The task:
Where the string "XXXL" appears in a line of the material below, copy that line.
________________________
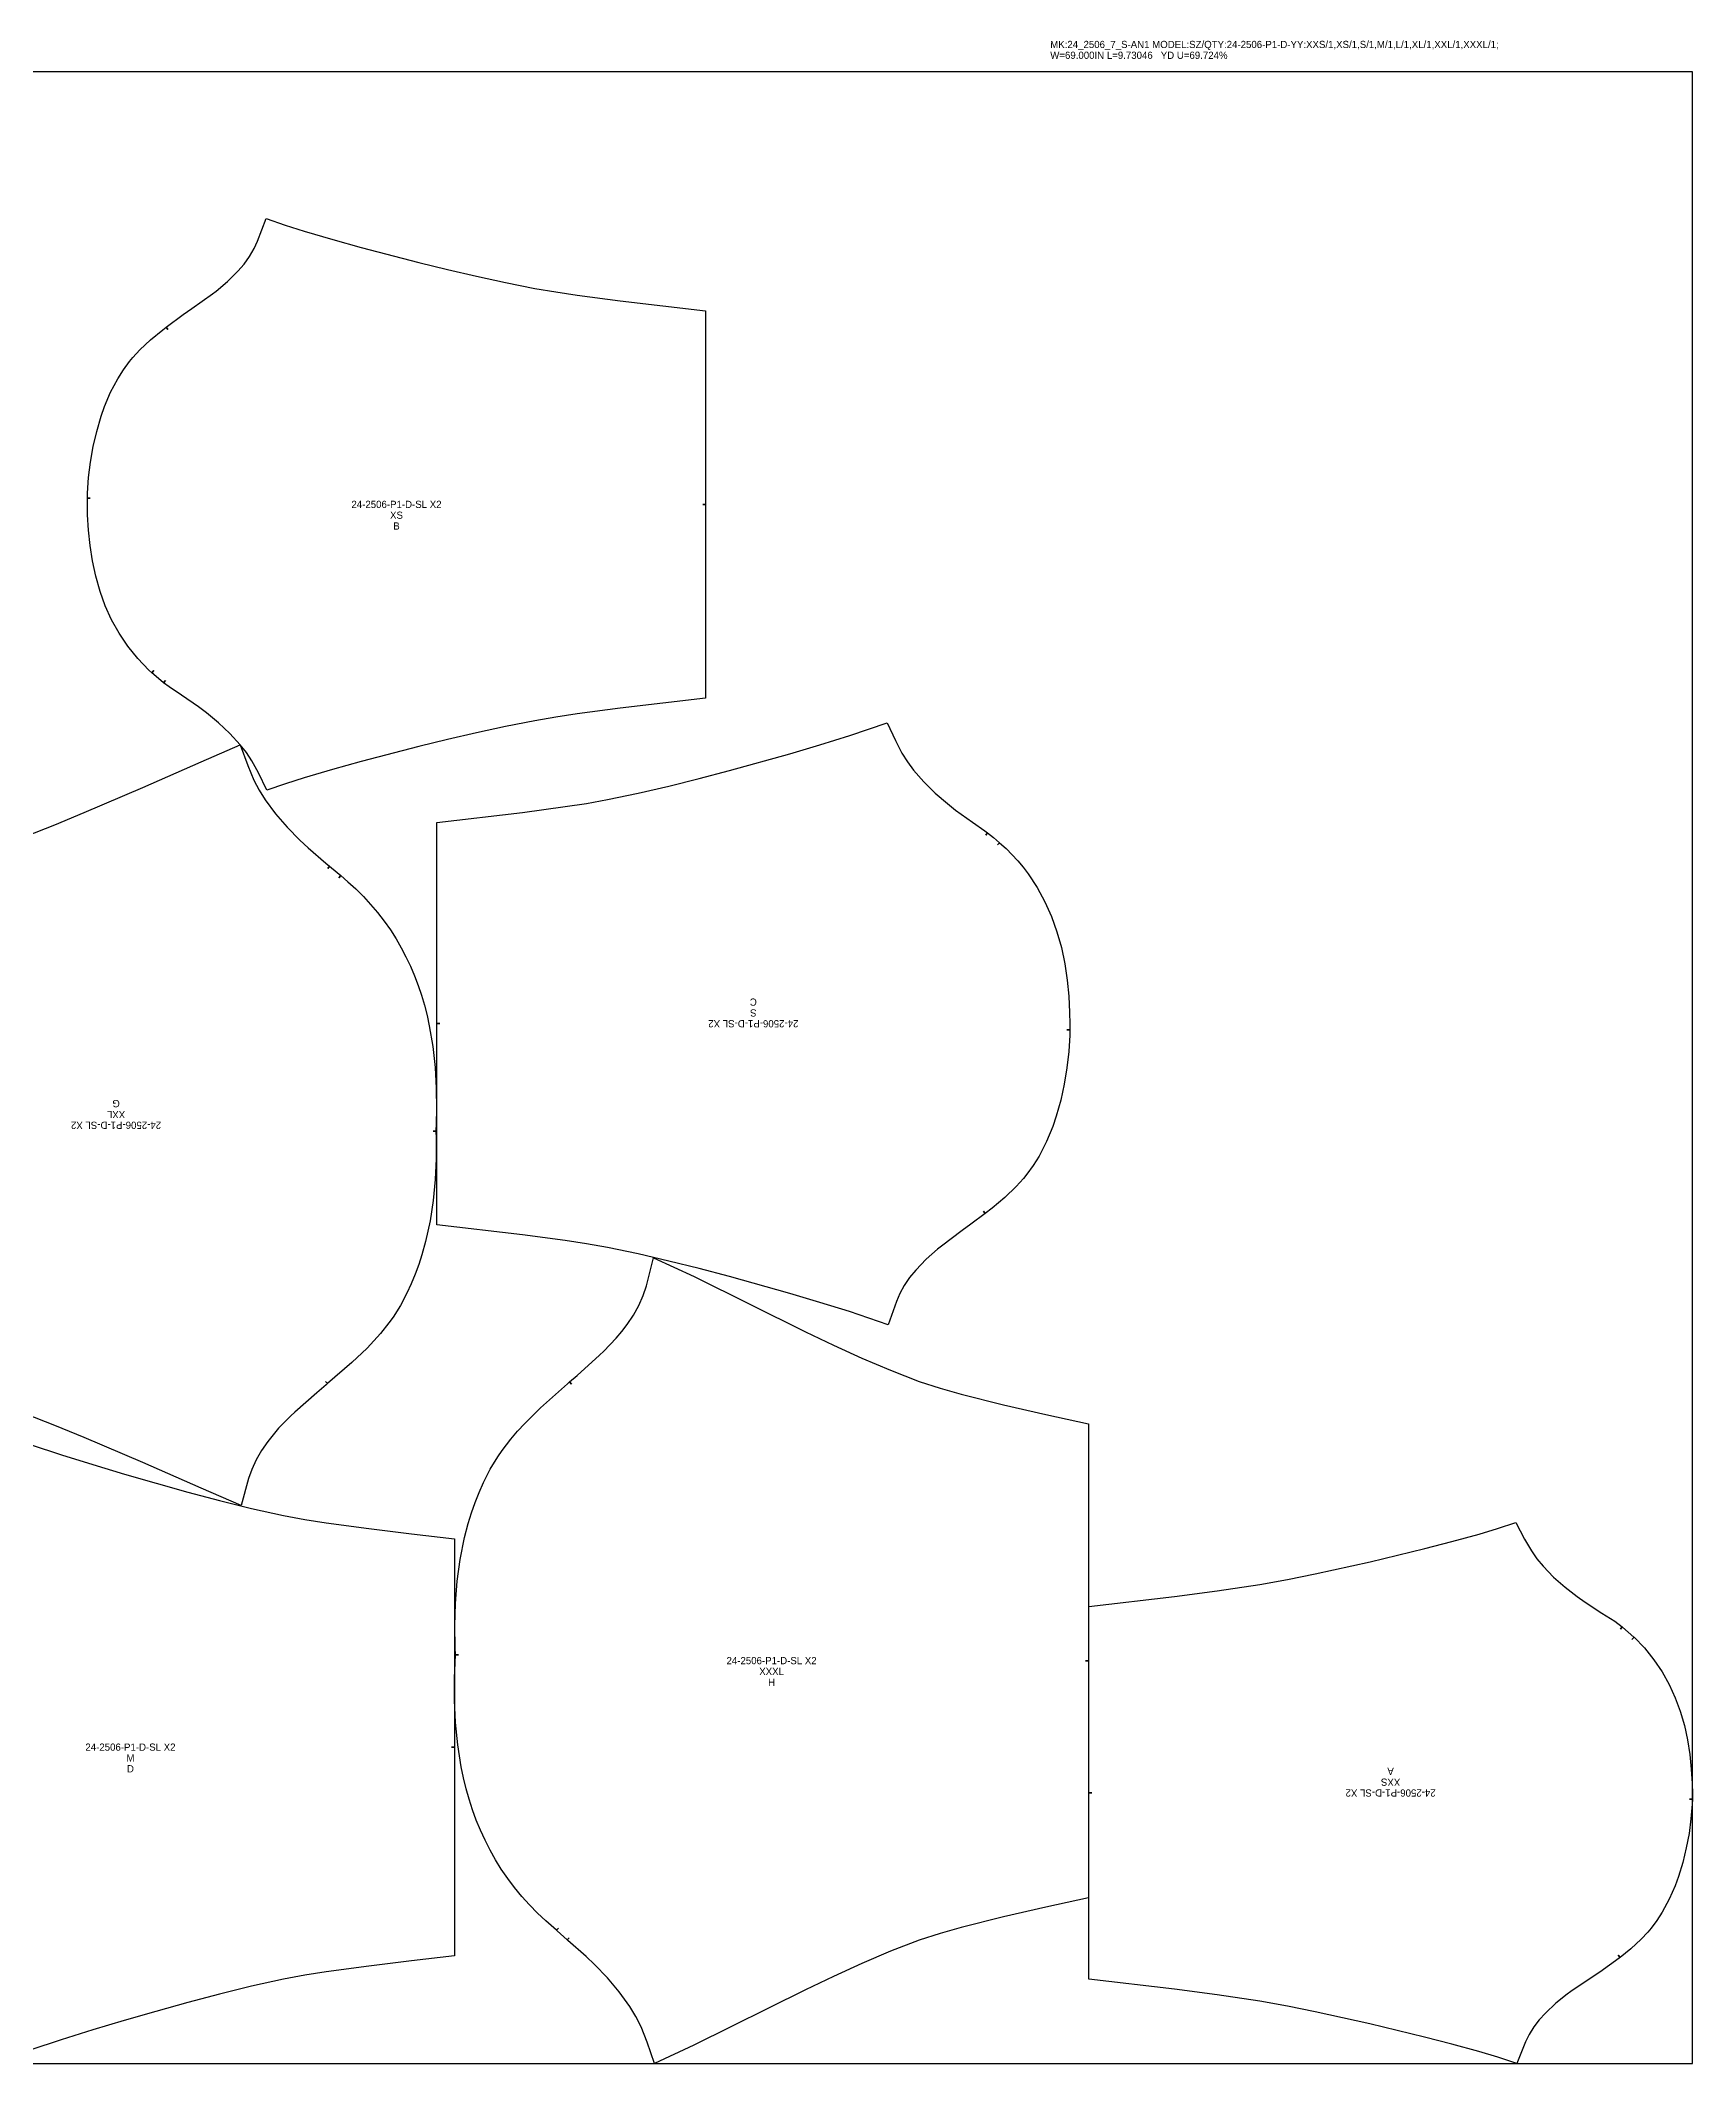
# Model space of a CAD drawing. Header units: inches. Extents: x 0 to 350, y 0 to 70.
# Drawn here: x 293.1 to 350.3, y 0 to 70.1 of the extents above; entities that cross this region are included whole.
import ezdxf
from ezdxf.enums import TextEntityAlignment as Align

# ---------------------------------------------------------------- set-up
doc = ezdxf.new("R2010")
doc.units = ezdxf.units.IN

msp = doc.modelspace()

# ---------------------------------------------------------------- linework, layer by layer
at = {"layer": 'T001L001'}
for points in [[(0, 0), (350.296, 0), (350.296, 69), (0, 69), (0, 0)], [(300.913, 44.116), (300.618, 44.714), (300.39, 45.132), (300.2, 45.418), (299.989, 45.69), (299.63, 46.084), (299.237, 46.45), (298.817, 46.795), (298.54, 47.004), (297.956, 47.406), (297.524, 47.69), (297.333, 47.837), (297.395, 47.917), (297.333, 47.837), (297.233, 47.913), (296.928, 48.181), (296.996, 48.258), (296.928, 48.181), (296.82, 48.276), (296.436, 48.675), (296.087, 49.106), (295.79, 49.551), (295.532, 50.017), (295.312, 50.503), (295.129, 51.002), (294.979, 51.525), (294.865, 52.056), (294.783, 52.59), (294.73, 53.126), (294.699, 53.659), (294.69, 54.033), (294.69, 54.229), (294.792, 54.227), (294.69, 54.229), (294.697, 54.41), (294.734, 54.946), (294.799, 55.483), (294.893, 56.016), (295.013, 56.545), (295.167, 57.067), (295.287, 57.406), (295.496, 57.898), (295.746, 58.371), (295.94, 58.678), (296.153, 58.966), (296.269, 59.107), (296.506, 59.365), (296.882, 59.721), (297.302, 60.068), (297.416, 60.153), (297.477, 60.071), (297.416, 60.153), (298.012, 60.595), (298.315, 60.802), (299.021, 61.308), (299.151, 61.408), (299.546, 61.74), (299.907, 62.096), (300.118, 62.343), (300.305, 62.603), (300.464, 62.877), (300.583, 63.137), (300.881, 63.918), (301.539, 63.693), (302.201, 63.482), (303.189, 63.193), (304.181, 62.918), (306.172, 62.398), (307.171, 62.153), (308.173, 61.919), (309.179, 61.7), (310.187, 61.5), (310.923, 61.378), (311.662, 61.268), (313.142, 61.073), (316.109, 60.727), (316.109, 54.012), (316.007, 54.012), (316.109, 54.012), (316.109, 47.297), (313.142, 46.951), (311.662, 46.756), (310.924, 46.646), (310.187, 46.523), (309.178, 46.323), (308.172, 46.104), (307.17, 45.87), (306.17, 45.624), (304.178, 45.104), (303.185, 44.828), (302.197, 44.54), (301.553, 44.334), (300.913, 44.116)], [(322.396, 46.453), (322.685, 45.832), (322.909, 45.396), (323.097, 45.098), (323.307, 44.813), (323.666, 44.4), (324.061, 44.014), (324.485, 43.649), (324.764, 43.428), (325.355, 43.001), (325.778, 42.711), (325.876, 42.635), (325.814, 42.554), (325.876, 42.635), (326.083, 42.474), (326.285, 42.295), (326.218, 42.218), (326.285, 42.295), (326.515, 42.09), (326.918, 41.669), (327.105, 41.445), (327.283, 41.212), (327.593, 40.743), (327.862, 40.25), (328.091, 39.738), (328.28, 39.212), (328.435, 38.66), (328.553, 38.101), (328.636, 37.538), (328.689, 36.974), (328.718, 36.413), (328.726, 36.019), (328.725, 35.813), (328.623, 35.814), (328.725, 35.813), (328.719, 35.622), (328.686, 35.057), (328.623, 34.491), (328.53, 33.929), (328.409, 33.371), (328.253, 32.82), (328.13, 32.462), (327.915, 31.942), (327.657, 31.441), (327.456, 31.116), (327.236, 30.81), (327.115, 30.661), (326.868, 30.386), (326.476, 30.007), (326.038, 29.638), (325.795, 29.453), (325.733, 29.535), (325.795, 29.453), (325.296, 29.075), (324.99, 28.855), (324.276, 28.319), (324.145, 28.213), (323.747, 27.862), (323.385, 27.488), (323.174, 27.229), (322.989, 26.957), (322.832, 26.672), (322.716, 26.402), (322.429, 25.593), (321.765, 25.828), (321.097, 26.05), (320.06, 26.371), (319.02, 26.678), (316.931, 27.262), (315.882, 27.538), (314.83, 27.8), (313.774, 28.046), (312.714, 28.269), (311.979, 28.398), (311.241, 28.511), (309.762, 28.71), (306.796, 29.059), (306.796, 36.029), (306.898, 36.029), (306.796, 36.029), (306.796, 42.998), (309.762, 43.347), (311.241, 43.546), (311.979, 43.659), (312.714, 43.787), (313.775, 44.011), (314.831, 44.257), (315.884, 44.52), (316.933, 44.796), (319.024, 45.378), (320.065, 45.686), (321.102, 46.009), (322.396, 46.453)], [(299.986, 45.681), (300.249, 44.966), (300.459, 44.464), (300.641, 44.116), (300.848, 43.782), (301.209, 43.292), (301.612, 42.829), (302.049, 42.387), (302.339, 42.117), (302.955, 41.591), (303.082, 41.482), (303.015, 41.405), (303.082, 41.482), (303.339, 41.263), (303.466, 41.156), (303.4, 41.078), (303.466, 41.156), (303.717, 40.944), (303.989, 40.693), (304.251, 40.432), (304.504, 40.158), (304.745, 39.873), (304.973, 39.578), (305.189, 39.273), (305.382, 38.969), (305.562, 38.657), (305.728, 38.339), (305.882, 38.014), (306.022, 37.684), (306.149, 37.349), (306.263, 37.01), (306.365, 36.667), (306.457, 36.312), (306.536, 35.954), (306.659, 35.234), (306.738, 34.51), (306.777, 33.787), (306.787, 33.068), (306.777, 32.564), (306.766, 32.301), (306.664, 32.301), (306.766, 32.301), (306.774, 32.059), (306.776, 31.343), (306.742, 30.622), (306.668, 29.904), (306.56, 29.19), (306.406, 28.48), (306.279, 28.018), (306.17, 27.679), (306.049, 27.344), (305.912, 27.014), (305.762, 26.69), (305.534, 26.263), (305.279, 25.86), (305.138, 25.661), (304.848, 25.295), (304.382, 24.785), (303.857, 24.282), (303.012, 23.554), (302.945, 23.631), (303.012, 23.554), (302.964, 23.513), (302.637, 23.238), (301.876, 22.571), (301.737, 22.439), (301.317, 22.008), (300.939, 21.554), (300.723, 21.243), (300.537, 20.92), (300.384, 20.584), (300.275, 20.268), (300.02, 19.329), (298.633, 19.931), (296.612, 20.821), (294.582, 21.687), (293.562, 22.107), (292.536, 22.511)], [(292.538, 42.513), (293.564, 42.918), (294.584, 43.338), (296.616, 44.205), (298.637, 45.095), (299.986, 45.681)], [(314.342, 0.005), (314.08, 0.745), (313.87, 1.266), (313.689, 1.627), (313.479, 1.974), (313.302, 2.233), (313.114, 2.484), (312.705, 2.967), (312.262, 3.428), (311.967, 3.711), (311.339, 4.261), (311.315, 4.283), (311.384, 4.359), (311.315, 4.283), (310.965, 4.601), (310.946, 4.617), (311.013, 4.694), (310.946, 4.617), (310.568, 4.943), (310.282, 5.214), (310.007, 5.494), (309.743, 5.789), (309.49, 6.094), (309.252, 6.411), (309.027, 6.738), (308.826, 7.063), (308.639, 7.396), (308.466, 7.736), (308.308, 8.083), (308.164, 8.436), (308.033, 8.793), (307.916, 9.155), (307.812, 9.521), (307.72, 9.899), (307.64, 10.28), (307.519, 11.046), (307.445, 11.816), (307.413, 12.584), (307.412, 13.347), (307.429, 13.883), (307.444, 14.162), (307.546, 14.162), (307.444, 14.162), (307.431, 14.419), (307.416, 15.178), (307.441, 15.943), (307.506, 16.706), (307.609, 17.466), (307.759, 18.221), (307.886, 18.714), (307.996, 19.076), (308.119, 19.434), (308.258, 19.786), (308.411, 20.133), (308.646, 20.589), (308.909, 21.021), (309.055, 21.235), (309.357, 21.628), (309.595, 21.907), (309.842, 22.178), (310.39, 22.72), (311.324, 23.551), (311.398, 23.615), (311.464, 23.538), (311.398, 23.615), (311.659, 23.84), (312.435, 24.54), (312.576, 24.678), (313.004, 25.129), (313.201, 25.362), (313.388, 25.603), (313.607, 25.927), (313.795, 26.263), (313.948, 26.613), (314.055, 26.94), (314.306, 27.914), (315.709, 27.261), (319.571, 25.35), (320.542, 24.887), (321.521, 24.441), (322.508, 24.016), (323.51, 23.625), (324.228, 23.396), (324.955, 23.192), (326.421, 22.826), (327.895, 22.487), (329.374, 22.163), (329.374, 13.952), (329.272, 13.952), (329.374, 13.952), (329.374, 5.739), (327.895, 5.416), (326.421, 5.077), (324.955, 4.711), (324.228, 4.507), (323.51, 4.278), (322.508, 3.888), (321.52, 3.462), (320.541, 3.015), (319.569, 2.552), (315.705, 0.64), (314.342, 0.005)], [(292.707, 21.443), (293.792, 21.089), (294.881, 20.749), (295.973, 20.42), (297.069, 20.104), (298.167, 19.797), (299.269, 19.505), (300.376, 19.232), (301.488, 18.986), (302.222, 18.853), (302.959, 18.737), (304.437, 18.534), (305.919, 18.351), (307.403, 18.18), (307.403, 10.956), (307.301, 10.956), (307.403, 10.956), (307.403, 3.732), (305.919, 3.562), (304.437, 3.379), (302.959, 3.177), (302.222, 3.06), (301.488, 2.927), (300.375, 2.681), (299.268, 2.407), (298.165, 2.116), (297.066, 1.808), (295.97, 1.491), (294.877, 1.163), (293.788, 0.822), (292.703, 0.467)], [(344.174, 18.743), (344.479, 18.166), (344.714, 17.763), (344.908, 17.488), (345.122, 17.227), (345.484, 16.852), (345.879, 16.504), (346.3, 16.178), (346.577, 15.981), (347.159, 15.604), (347.6, 15.324), (347.858, 15.127), (347.796, 15.046), (347.858, 15.127), (347.875, 15.114), (348.266, 14.773), (348.271, 14.767), (348.198, 14.696), (348.271, 14.767), (348.63, 14.397), (348.96, 13.991), (349.242, 13.572), (349.486, 13.132), (349.695, 12.675), (349.869, 12.204), (350.012, 11.711), (350.121, 11.21), (350.2, 10.706), (350.251, 10.2), (350.281, 9.698), (350.291, 9.344), (350.292, 9.16), (350.19, 9.162), (350.292, 9.16), (350.283, 8.988), (350.242, 8.481), (350.175, 7.972), (350.081, 7.468), (349.962, 6.968), (349.811, 6.475), (349.693, 6.155), (349.49, 5.691), (349.249, 5.245), (349.062, 4.956), (348.858, 4.686), (348.746, 4.553), (348.519, 4.311), (348.159, 3.977), (347.788, 3.678), (347.724, 3.757), (347.788, 3.678), (347.758, 3.653), (347.08, 3.161), (346.779, 2.967), (346.08, 2.494), (345.951, 2.399), (345.558, 2.086), (345.198, 1.75), (344.987, 1.515), (344.799, 1.267), (344.637, 1.005), (344.515, 0.755), (344.205, 0.003), (343.553, 0.216), (342.898, 0.417), (341.958, 0.673), (341.015, 0.915), (339.121, 1.371), (337.22, 1.791), (336.265, 1.983), (335.308, 2.16), (333.832, 2.383), (332.351, 2.574), (329.383, 2.918), (329.383, 9.378), (329.485, 9.378), (329.383, 9.378), (329.382, 15.838), (332.351, 16.181), (333.831, 16.373), (335.308, 16.596), (336.266, 16.773), (337.221, 16.966), (339.124, 17.386), (341.018, 17.842), (341.962, 18.085), (342.902, 18.342), (343.54, 18.536), (344.174, 18.743)]]:
    msp.add_lwpolyline(points, dxfattribs=at)

# ---------------------------------------------------------------- texts
at = {"layer": 'ABC'}
for s, p in [('MK:24_2506_7_S-AN1 MODEL:SZ/QTY:24-2506-P1-D-YY:XXS/1,XS/1,S/1,M/1,L/1,XL/1,XXL/1,XXXL/1;', (328.046, 69.75)), ('W=69.000IN L=9.73046   YD U=69.724%', (328.046, 69.375))]:
    msp.add_text(s, height=0.25, dxfattribs=at).set_placement(p, align=Align.BOTTOM_LEFT)
for s, p in [('24-2506-P1-D-SL X2', (305.399, 54.017)), ('XS', (305.399, 53.642)), ('B', (305.399, 53.267)), ('24-2506-P1-D-SL X2', (318.393, 13.959)), ('XXXL', (318.393, 13.584)), ('H', (318.393, 13.209)), ('24-2506-P1-D-SL X2', (296.183, 10.962)), ('M', (296.183, 10.587)), ('D', (296.183, 10.212))]:
    msp.add_text(s, height=0.25, dxfattribs=at).set_placement(p, align=Align.MIDDLE_CENTER)
for s, p in [('C', (317.761, 36.773)), ('S', (317.761, 36.398)), ('24-2506-P1-D-SL X2', (317.761, 36.023)), ('XXL', (295.684, 32.88)), ('G', (295.684, 33.255)), ('24-2506-P1-D-SL X2', (295.684, 32.505)), ('XXS', (339.837, 9.748)), ('A', (339.837, 10.123)), ('24-2506-P1-D-SL X2', (339.837, 9.373))]:
    msp.add_text(s, height=0.25, rotation=180, dxfattribs=at).set_placement(p, align=Align.MIDDLE_CENTER)

doc.saveas('drawing.dxf')
________________________
Solution to this exercise:
for s, p in [('MK:24_2506_7_S-AN1 MODEL:SZ/QTY:24-2506-P1-D-YY:XXS/1,XS/1,S/1,M/1,L/1,XL/1,XXL/1,XXXL/1;', (328.046, 69.75)), ('W=69.000IN L=9.73046   YD U=69.724%', (328.046, 69.375))]:
for s, p in [('24-2506-P1-D-SL X2', (305.399, 54.017)), ('XS', (305.399, 53.642)), ('B', (305.399, 53.267)), ('24-2506-P1-D-SL X2', (318.393, 13.959)), ('XXXL', (318.393, 13.584)), ('H', (318.393, 13.209)), ('24-2506-P1-D-SL X2', (296.183, 10.962)), ('M', (296.183, 10.587)), ('D', (296.183, 10.212))]:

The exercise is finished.